**Task requirements**
Show all the lines in the data below that include the word "centre".

----- The data -----

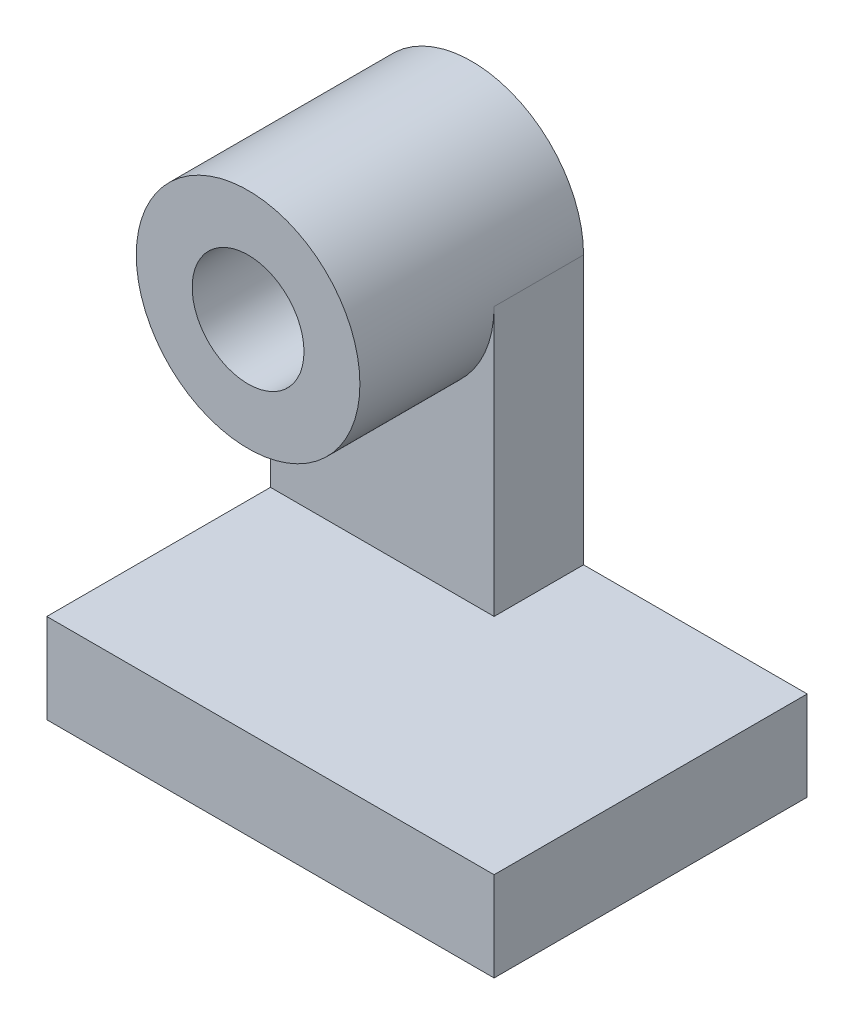
SolidWorks part; units mm, degrees
material "Plain Carbon Steel"
ref_plane "Front Plane" through (0, 0, 0) normal (0, 0, 1) x (1, 0, 0)
ref_plane "Top Plane" through (0, 0, 0) normal (0, 1, 0) x (1, 0, 0)
ref_plane "Right Plane" through (0, 0, 0) normal (1, 0, 0) x (0, 0, -1)
sketch "Sketch1" plane through (0, 0, 0) normal (0, 0, 1) x (1, 0, 0)
  line L1 (0, 0) -> (127, 0)
  line L2 (0, 0) -> (0, 25.4)
  line L3 (0, 25.4) -> (127, 25.4)
  line L4 (127, 0) -> (127, 25.4)
  line L5 (0, 25.4) -> (63.5, 25.4)
  line L6 (0, 25.4) -> (0, 101.6)
  line L7 (0, 101.6) -> (63.5, 101.6)
  line L8 (63.5, 25.4) -> (63.5, 101.6)
  circle A0 centre (31.75, 101.6) radius 31.75
  circle A1 centre (31.75, 101.6) radius 15.875
  dimension "D4" = 63.5
  dimension "D5" = 31.75
  dimension "D1" = 127
  dimension "D2" = 25.4
  dimension "D3" = 101.6
extrude "Boss-Extrude1" add sketch "Sketch1" along normal blind 88.9 contours L3 L4 L1 L2
extrude "Boss-Extrude2" add sketch "Sketch1<3>" along normal blind 25.4 contours A0 L6 L3 L8 region at (31.75, 51.5216, 0)
sketch "Sketch1<3>" plane through (0, 0, 0) normal (0, 0, 1) x (1, 0, 0) same geometry as "Sketch1"
extrude "Boss-Extrude3" add sketch "Sketch1<4>" along normal blind 63.5 contours A1 L7 A0 | A1 L7 A0 region at (31.75, 132.64, 0) region at (7.9375, 100.89, 0)
sketch "Sketch1<4>" plane through (0, 0, 0) normal (0, 0, 1) x (1, 0, 0) same geometry as "Sketch1"

-----

**Exercise result**
  circle A0 centre (31.75, 101.6) radius 31.75
  circle A1 centre (31.75, 101.6) radius 15.875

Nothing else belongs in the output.